An Israeli start-up company innovates’ a device that makes reading and other daily activities significantly easier for the blind.

An Israeli start-up company called OrCam has invented a device to make daily activities which are difficult for the blind and visually impaired significantly easier. According to the company website, “OrCam harnesses the power of artificial vision to compensate for lost visual abilities. OrCam is a sensor that sees what is in front of you, understands what information you seek and provides it to you through a bone-conduction earpiece. OrCam understands what you want on its own, whether it’s to read, find an item, catch a bus or cross the road. Faces and places are recognized continuously. OrCam will tell you when it sees a face or a place it recognizes, without you having to do anything.”
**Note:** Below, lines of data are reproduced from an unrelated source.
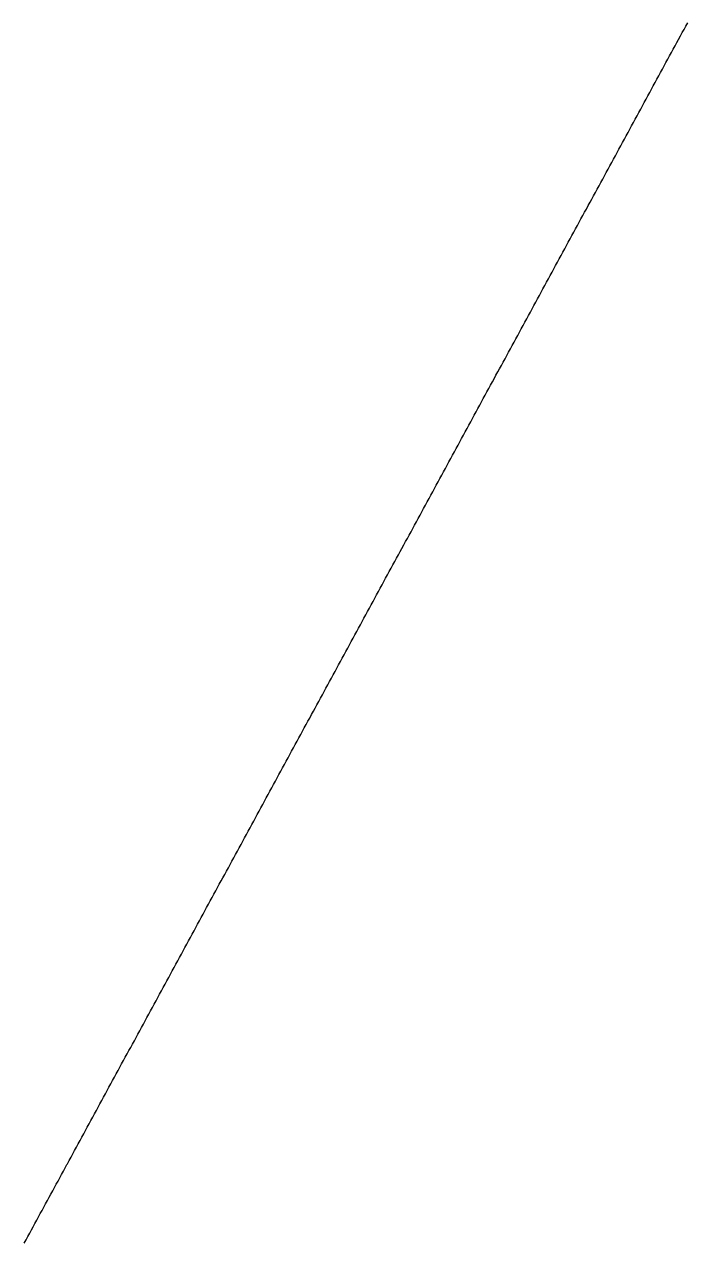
# Model space of a CAD drawing. Header units: inches. Extents: x 130170 to 284068, y 377793 to 804530.
# Drawn here: x 160037 to 161785, y 625317 to 628523 of the extents above; entities that cross this region are included whole.
import ezdxf

# ---------------------------------------------------------------- set-up
doc = ezdxf.new("R2010")
doc.units = ezdxf.units.IN
doc.header["$MEASUREMENT"] = 0
doc.layers.add('muni_il', color=7, linetype='Continuous')

msp = doc.modelspace()

# ---------------------------------------------------------------- linework, layer by layer
at = {"layer": 'muni_il'}
msp.add_lwpolyline([(160036.9, 625310.6), (160041.6, 625319.2), (160046.3, 625327.8), (160051, 625336.4), (160055.6, 625345), (160060.3, 625353.6), (160065, 625362.3), (160069.7, 625370.9), (160074.3, 625379.5), (160079, 625388.1), (160083.7, 625396.7), (160088.4, 625405.3), (160093.1, 625413.9), (160097.7, 625422.5), (160102.4, 625431.1), (160107.1, 625439.7), (160111.8, 625448.3), (160116.5, 625456.9), (160121.1, 625465.5), (160125.8, 625474.1), (160130.5, 625482.7), (160135.2, 625491.4), (160139.9, 625500), (160144.5, 625508.6), (160149.2, 625517.2), (160150.5, 625519.5), (160155.3, 625528.3), (160160, 625537.1), (160164.8, 625545.8), (160169.6, 625554.6), (160174.3, 625563.4), (160179.1, 625572.1), (160183.9, 625580.9), (160188.6, 625589.7), (160193.4, 625598.4), (160198.2, 625607.2), (160202.9, 625616), (160207.7, 625624.8), (160212.5, 625633.5), (160217.2, 625642.3), (160222, 625651.1), (160226.8, 625659.8), (160231.5, 625668.6), (160236.3, 625677.4), (160241.1, 625686.1), (160245.8, 625694.9), (160250.6, 625703.7), (160255.4, 625712.4), (160260.1, 625721.2), (160264.9, 625730), (160269.7, 625738.7), (160274.4, 625747.5), (160279.2, 625756.3), (160284, 625765.1), (160288.7, 625773.8), (160293.5, 625782.6), (160298.3, 625791.4), (160303, 625800.1), (160307.8, 625808.9), (160312.6, 625817.7), (160317.3, 625826.4), (160322.1, 625835.2), (160326.9, 625844), (160331.6, 625852.7), (160336.4, 625861.5), (160341.2, 625870.3), (160345.9, 625879), (160350.7, 625887.8), (160355.5, 625896.6), (160360.2, 625905.4), (160365, 625914.1), (160369.8, 625922.9), (160374.5, 625931.7), (160379.3, 625940.4), (160384.1, 625949.2), (160388.8, 625958), (160393.6, 625966.7), (160398.4, 625975.5), (160403.1, 625984.3), (160407.9, 625993), (160412.7, 626001.8), (160417.4, 626010.6), (160422.2, 626019.3), (160427, 626028.1), (160431.7, 626036.9), (160436.5, 626045.7), (160441.3, 626054.4), (160446, 626063.2), (160450.8, 626072), (160455.6, 626080.7), (160460.3, 626089.5), (160465.1, 626098.3), (160469.9, 626107), (160474.6, 626115.8), (160479.4, 626124.6), (160484.2, 626133.3), (160488.9, 626142.1), (160493.7, 626150.9), (160498.5, 626159.6), (160503.2, 626168.4), (160508, 626177.2), (160512.8, 626185.9), (160517.5, 626194.7), (160522.3, 626203.5), (160527.1, 626212.3), (160531.8, 626221), (160536.6, 626229.8), (160541.4, 626238.6), (160546.1, 626247.3), (160550.9, 626256.1), (160555.7, 626264.9), (160560.4, 626273.6), (160565.2, 626282.4), (160570, 626291.2), (160574.7, 626299.9), (160579.5, 626308.7), (160584.3, 626317.5), (160589, 626326.2), (160593.8, 626335), (160598.6, 626343.8), (160603.3, 626352.6), (160608.1, 626361.3), (160612.9, 626370.1), (160617.6, 626378.9), (160622.4, 626387.6), (160627.2, 626396.4), (160631.9, 626405.2), (160636.7, 626413.9), (160641.5, 626422.7), (160646.2, 626431.5), (160651, 626440.2), (160655.8, 626449), (160660.5, 626457.8), (160665.3, 626466.5), (160670.1, 626475.3), (160674.8, 626484.1), (160679.6, 626492.9), (160684.4, 626501.6), (160689.1, 626510.4), (160693.9, 626519.2), (160698.7, 626527.9), (160703.4, 626536.7), (160708.2, 626545.5), (160713, 626554.2), (160717.7, 626563), (160722.5, 626571.8), (160727.3, 626580.5), (160732, 626589.3), (160736.8, 626598.1), (160741.6, 626606.8), (160746.3, 626615.6), (160751.1, 626624.4), (160755.9, 626633.2), (160760.6, 626641.9), (160765.4, 626650.7), (160770.2, 626659.5), (160774.9, 626668.2), (160779.7, 626677), (160784.5, 626685.8), (160789.2, 626694.5), (160794, 626703.3), (160798.8, 626712.1), (160803.5, 626720.8), (160808.3, 626729.6), (160813.1, 626738.4), (160817.8, 626747.1), (160822.6, 626755.9), (160827.4, 626764.7), (160832.1, 626773.5), (160836.9, 626782.2), (160841.7, 626791), (160846.4, 626799.8), (160851.2, 626808.5), (160856, 626817.3), (160860.7, 626826.1), (160865.5, 626834.8), (160870.3, 626843.6), (160875, 626852.4), (160879.8, 626861.1), (160884.6, 626869.9), (160889.3, 626878.7), (160894.1, 626887.4), (160898.9, 626896.2), (160903.6, 626905), (160908.4, 626913.7), (160913.2, 626922.5), (160917.9, 626931.3), (160922.7, 626940.1), (160927.5, 626948.8), (160932.2, 626957.6), (160937, 626966.4), (160941.8, 626975.1), (160946.5, 626983.9), (160951.3, 626992.7), (160956.1, 627001.4), (160960.8, 627010.2), (160965.6, 627019), (160970.4, 627027.7), (160975.1, 627036.5), (160979.9, 627045.3), (160984.7, 627054), (160989.4, 627062.8), (160994.2, 627071.6), (160999, 627080.4), (161003.7, 627089.1), (161008.5, 627097.9), (161013.3, 627106.7), (161018, 627115.4), (161022.8, 627124.2), (161027.6, 627133), (161032.3, 627141.7), (161037.1, 627150.5), (161041.9, 627159.3), (161046.6, 627168), (161051.4, 627176.8), (161056.2, 627185.6), (161060.9, 627194.3), (161065.7, 627203.1), (161070.5, 627211.9), (161075.2, 627220.7), (161080, 627229.4), (161084.8, 627238.2), (161089.5, 627247), (161094.3, 627255.7), (161099.1, 627264.5), (161103.8, 627273.3), (161108.6, 627282), (161113.4, 627290.8), (161118.1, 627299.6), (161122.9, 627308.3), (161127.7, 627317.1), (161132.4, 627325.9), (161137.2, 627334.6), (161142, 627343.4), (161146.7, 627352.2), (161151.5, 627361), (161156.3, 627369.7), (161161, 627378.5), (161165.8, 627387.3), (161170.6, 627396), (161175.3, 627404.8), (161180.1, 627413.6), (161184.9, 627422.3), (161189.6, 627431.1), (161194.4, 627439.9), (161199.2, 627448.6), (161203.9, 627457.4), (161208.7, 627466.2), (161213.5, 627474.9), (161218.2, 627483.7), (161223, 627492.5), (161227.8, 627501.3), (161232.5, 627510), (161237.3, 627518.8), (161242.1, 627527.6), (161246.8, 627536.3), (161251.6, 627545.1), (161256.4, 627553.9), (161261.1, 627562.6), (161265.9, 627571.4), (161270.7, 627580.2), (161275.4, 627588.9), (161280.2, 627597.7), (161285, 627606.5), (161289.7, 627615.2), (161294.5, 627624), (161299.3, 627632.8), (161304, 627641.6), (161308.8, 627650.3), (161313.6, 627659.1), (161318.3, 627667.9), (161323.1, 627676.6), (161327.9, 627685.4), (161332.6, 627694.2), (161337.4, 627702.9), (161342.2, 627711.7), (161346.9, 627720.5), (161351.7, 627729.2), (161356.5, 627738), (161361.2, 627746.8), (161366, 627755.5), (161370.8, 627764.3), (161375.5, 627773.1), (161380.3, 627781.8), (161385.1, 627790.6), (161389.8, 627799.4), (161394.6, 627808.2), (161399.4, 627816.9), (161404.1, 627825.7), (161408.9, 627834.5), (161413.7, 627843.2), (161418.4, 627852), (161423.2, 627860.8), (161428, 627869.5), (161432.7, 627878.3), (161437.5, 627887.1), (161442.3, 627895.8), (161447, 627904.6), (161451.8, 627913.4), (161456.6, 627922.1), (161461.3, 627930.9), (161466.1, 627939.7), (161470.9, 627948.5), (161475.6, 627957.2), (161480.4, 627966), (161485.2, 627974.8), (161489.9, 627983.5), (161494.7, 627992.3), (161499.5, 628001.1), (161504.2, 628009.8), (161509, 628018.6), (161513.8, 628027.4), (161518.5, 628036.1), (161523.3, 628044.9), (161528.1, 628053.7), (161532.9, 628062.4), (161537.6, 628071.2), (161542.4, 628080), (161547.2, 628088.8), (161551.9, 628097.5), (161556.7, 628106.3), (161561.5, 628115.1), (161566.2, 628123.8), (161571, 628132.6), (161575.8, 628141.4), (161580.5, 628150.1), (161585.3, 628158.9), (161590.1, 628167.7), (161594.8, 628176.4), (161599.6, 628185.2), (161604.4, 628194), (161609.1, 628202.7), (161613.9, 628211.5), (161618.7, 628220.3), (161623.4, 628229.1), (161628.2, 628237.8), (161633, 628246.6), (161637.7, 628255.4), (161642.5, 628264.1), (161647.3, 628272.9), (161652, 628281.7), (161656.8, 628290.4), (161661.6, 628299.2), (161666.3, 628308), (161671.1, 628316.7), (161675.9, 628325.5), (161680.6, 628334.3), (161685.4, 628343), (161690.2, 628351.8), (161694.9, 628360.6), (161699.7, 628369.4), (161704.5, 628378.1), (161709.2, 628386.9), (161714, 628395.7), (161718.8, 628404.4), (161723.5, 628413.2), (161728.3, 628422), (161733.1, 628430.7), (161737.8, 628439.5), (161742.6, 628448.3), (161747.4, 628457), (161752.1, 628465.8), (161756.9, 628474.6), (161761.7, 628483.3), (161766.4, 628492.1), (161771.2, 628500.9), (161776, 628509.6), (161780.7, 628518.4), (161785.5, 628527.2)], dxfattribs=at)

doc.saveas('drawing.dxf')

Until fairly recently, the visually impaired and the blind have only been able to read non-Braille writings via cumbersome devices that recognize text in limited environments or more recently, through applications on smart phones with limited abilities. OrCam is significantly more user friendly than these earlier methods, for it easily attaches itself onto ones glasses and reads aloud what is in front of you.

OrCam was founded several years ago by Amnon Shashua, a computer science professor at Hebrew University, the New York Times reported. It is based on computer vision algorithms that he has pioneered with another faculty member, Shai Shalev-Shwartz, and one of his former graduate students, Yonatan Wexler. “What is remarkable is that the device learns from the user to recognize a new product,” said Tomaso Poggio, a computer scientist at M.I.T, told the New York Times. “This is more complex than it appears, and, as an expert, I find it really impressive.”

Presently, the OrCam device costs around $2,500 and can be purchased on the company’s website. OrCam also recognizes English language text. While the system is usable by the blind, OrCam plans to start out by marketing it mainly to visually impaired individuals whose eye-sight cannot be corrected by glasses. In the United States, 21.2 million people over the age of 18 have some kind of visual impairment, according to the 2011 National Health Survey by the U.S. National Center for Health Statistics. OrCam said that worldwide there were 342 million adults with significant visual impairment, and that 52 million of them are middle class.

Researchers at Israel’s Technion are also working to help the blind see using a bionic implant.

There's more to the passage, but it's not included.